The White House opposes restoring the deduction. Press Secretary Jen Psaki said the policy “is not a revenue raiser” and the president only would entertain the idea if the eight lawmakers proposed a plan to “pay for it.” Repealing the cap could be very costly. According to the Tax Foundation, the policy would result in $673 billion in lost revenue over 10 years, significantly raising the cost of an infrastructure package.
Speaker Pelosi is going to try to address these lawmakers’ concern, but it’s unclear how she might do so given the significant price tag. As Politico reported last week, she said she is “sympathetic to their position.”
A Final Wrinkle
As noted above, there is another wrinkle to all of this: some Democrats want an even larger infrastructure package, with even higher tax levies. Rep. Alexandra Ocasio Cortez (D-N.Y.) wants $10 trillion in new spending, for example.

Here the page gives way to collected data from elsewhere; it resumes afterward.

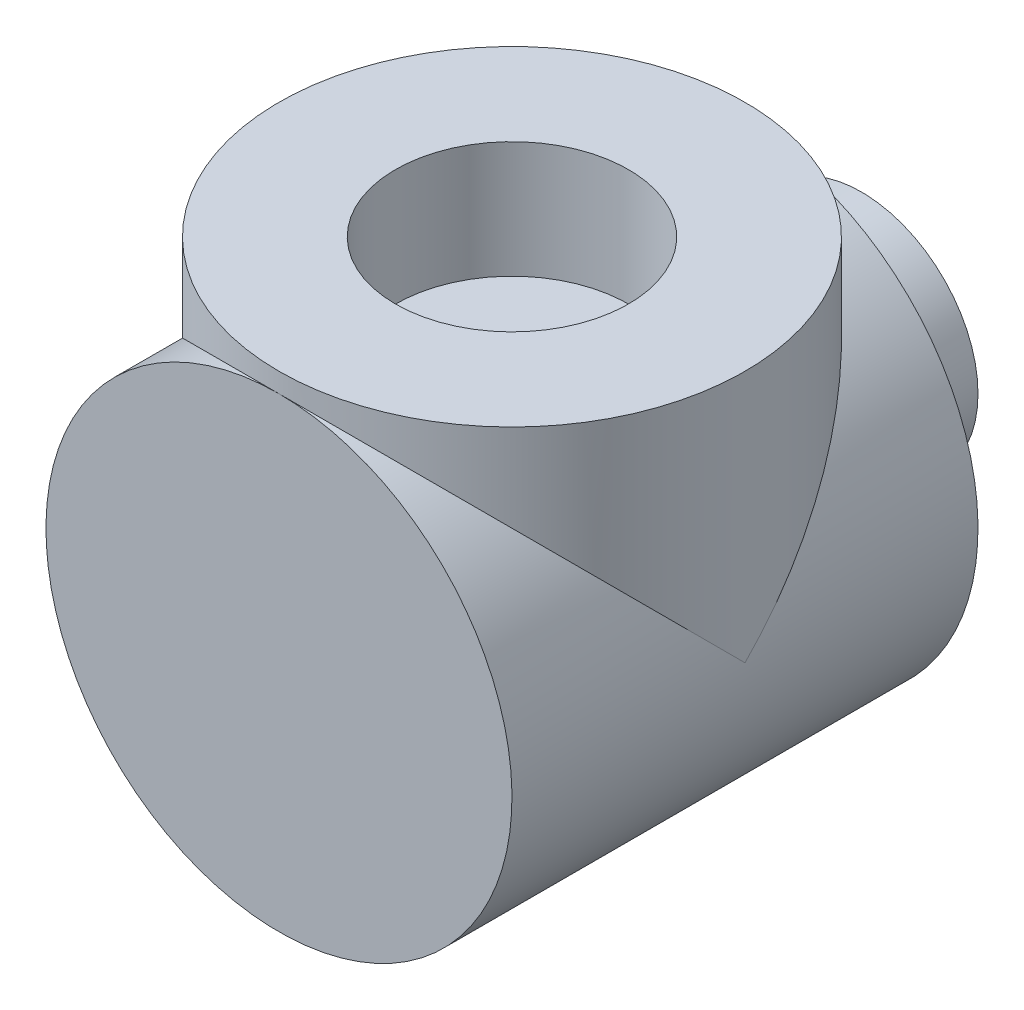
from build123d import *
from build123d.topology import SkipClean

# Parameters (mm, degrees)
SKETCH1_R           = 30
SKETCH1_R_2         = 15
BOSS_EXTRUDE1_DEPTH = 30
SKETCH2_R           = 30
SKETCH2_R_2         = 15
BOSS_EXTRUDE2_DEPTH = 32.5
CUT_EXTRUDE2_START  = 32.5
SKETCH2_3_R         = 15
CUT_EXTRUDE2_DEPTH  = 15
BOSS_EXTRUDE3_START = -30
SKETCH1_4_R         = 15
BOSS_EXTRUDE3_DEPTH = 15


with BuildPart() as part:
    # Sketch1 → Boss-Extrude1 (new, symmetric)
    with BuildSketch(Plane.XY):
        Circle(SKETCH1_R)
        Circle(SKETCH1_R_2, mode=Mode.SUBTRACT)
        Circle(SKETCH1_R_2)
    extrude(amount=BOSS_EXTRUDE1_DEPTH, both=True)

    # Sketch2 → Boss-Extrude2 (add)
    with SkipClean():  # the faces are left unmerged after this step: merging them gives an invalid solid
        with BuildSketch(Plane(origin=(0, 0, 0), x_dir=(1, 0, 0), z_dir=(0, 1, 0))):
            with Locations(Location((0, 0, 0), (0, 0, 270))):
                Circle(SKETCH2_R)
            Circle(SKETCH2_R_2, mode=Mode.SUBTRACT)
            Circle(SKETCH2_R_2)
        extrude(amount=BOSS_EXTRUDE2_DEPTH)

    # Sketch2_3 → Cut-Extrude2 (cut)
    with SkipClean():  # the faces are left unmerged after this step: merging them gives an invalid solid
        with BuildSketch(Plane(origin=(0, 0, 0), x_dir=(1, 0, 0), z_dir=(0, 1, 0)).offset(CUT_EXTRUDE2_START)):
            with Locations(Location((0, 0, 0), (0, 0, 270))):
                Circle(SKETCH2_3_R)
        extrude(amount=-CUT_EXTRUDE2_DEPTH, mode=Mode.SUBTRACT)

    # Sketch1_4 → Boss-Extrude3 (add)
    with SkipClean():  # the faces are left unmerged after this step: merging them gives an invalid solid
        with BuildSketch(Plane.XY.offset(BOSS_EXTRUDE3_START)):
            Circle(SKETCH1_4_R)
        extrude(amount=-BOSS_EXTRUDE3_DEPTH)


solid = part.part

While we don’t see the price tag going anywhere near that level, House and Senate leaders also cannot lose support from the progressive wing of the Democratic party. As New York magazine concluded, “The Democratic leadership finds itself confronting a seemingly impossible dilemma. If they cut the bill’s size, they alienate the progressives; if they debt-finance the package, they lose the Senate’s penny-pinchers; if they pay for it with tax increases, they antagonize Romney-Biden suburbanites” (and, perhaps more critically, Sen. Machin).
Even with a third reconciliation bill, this needle won’t be easy to thread.